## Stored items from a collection
- Opening Delimiter -

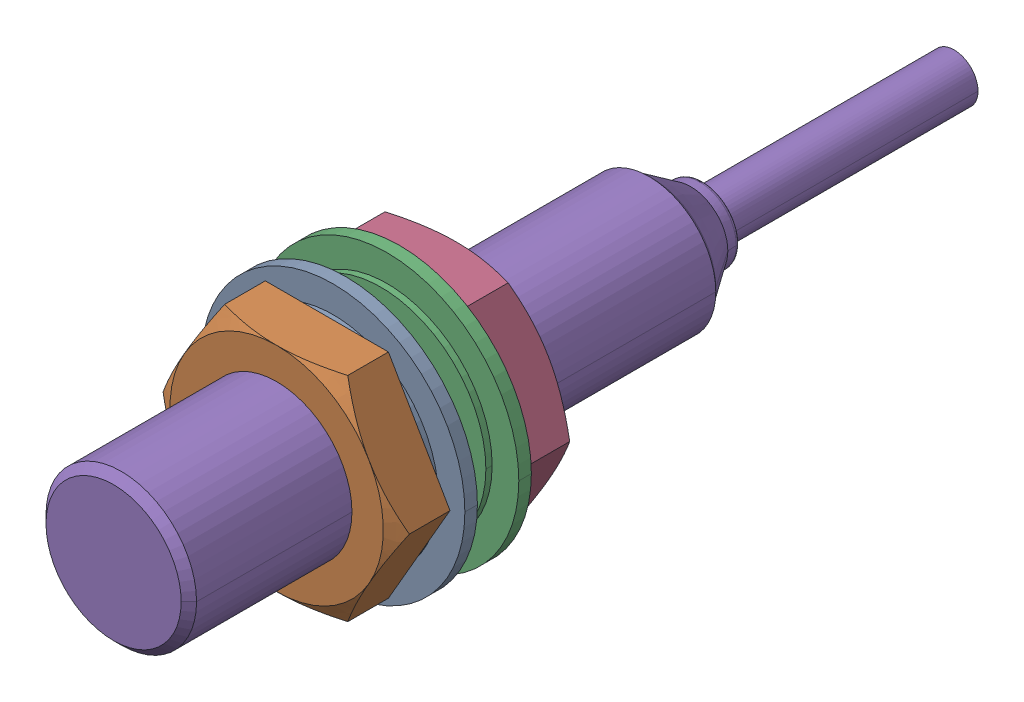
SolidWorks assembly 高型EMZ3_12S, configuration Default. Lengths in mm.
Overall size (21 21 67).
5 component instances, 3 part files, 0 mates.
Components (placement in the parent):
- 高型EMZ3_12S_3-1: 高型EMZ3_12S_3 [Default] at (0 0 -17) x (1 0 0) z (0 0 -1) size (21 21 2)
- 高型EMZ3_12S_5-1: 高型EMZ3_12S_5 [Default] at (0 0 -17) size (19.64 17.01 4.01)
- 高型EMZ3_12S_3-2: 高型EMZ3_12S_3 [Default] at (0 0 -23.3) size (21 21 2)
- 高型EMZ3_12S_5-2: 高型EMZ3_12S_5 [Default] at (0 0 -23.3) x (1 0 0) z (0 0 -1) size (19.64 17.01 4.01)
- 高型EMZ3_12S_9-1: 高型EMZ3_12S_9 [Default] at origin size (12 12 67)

- Closing Delimiter -

## Exercise instructions
Drop the images and transcribe the entries above exactly.

## Answer for the task
SolidWorks assembly 高型EMZ3_12S, configuration Default. Lengths in mm.
Overall size (21 21 67).
5 component instances, 3 part files, 0 mates.
Components (placement in the parent):
- 高型EMZ3_12S_3-1: 高型EMZ3_12S_3 [Default] at (0 0 -17) x (1 0 0) z (0 0 -1) size (21 21 2)
- 高型EMZ3_12S_5-1: 高型EMZ3_12S_5 [Default] at (0 0 -17) size (19.64 17.01 4.01)
- 高型EMZ3_12S_3-2: 高型EMZ3_12S_3 [Default] at (0 0 -23.3) size (21 21 2)
- 高型EMZ3_12S_5-2: 高型EMZ3_12S_5 [Default] at (0 0 -23.3) x (1 0 0) z (0 0 -1) size (19.64 17.01 4.01)
- 高型EMZ3_12S_9-1: 高型EMZ3_12S_9 [Default] at origin size (12 12 67)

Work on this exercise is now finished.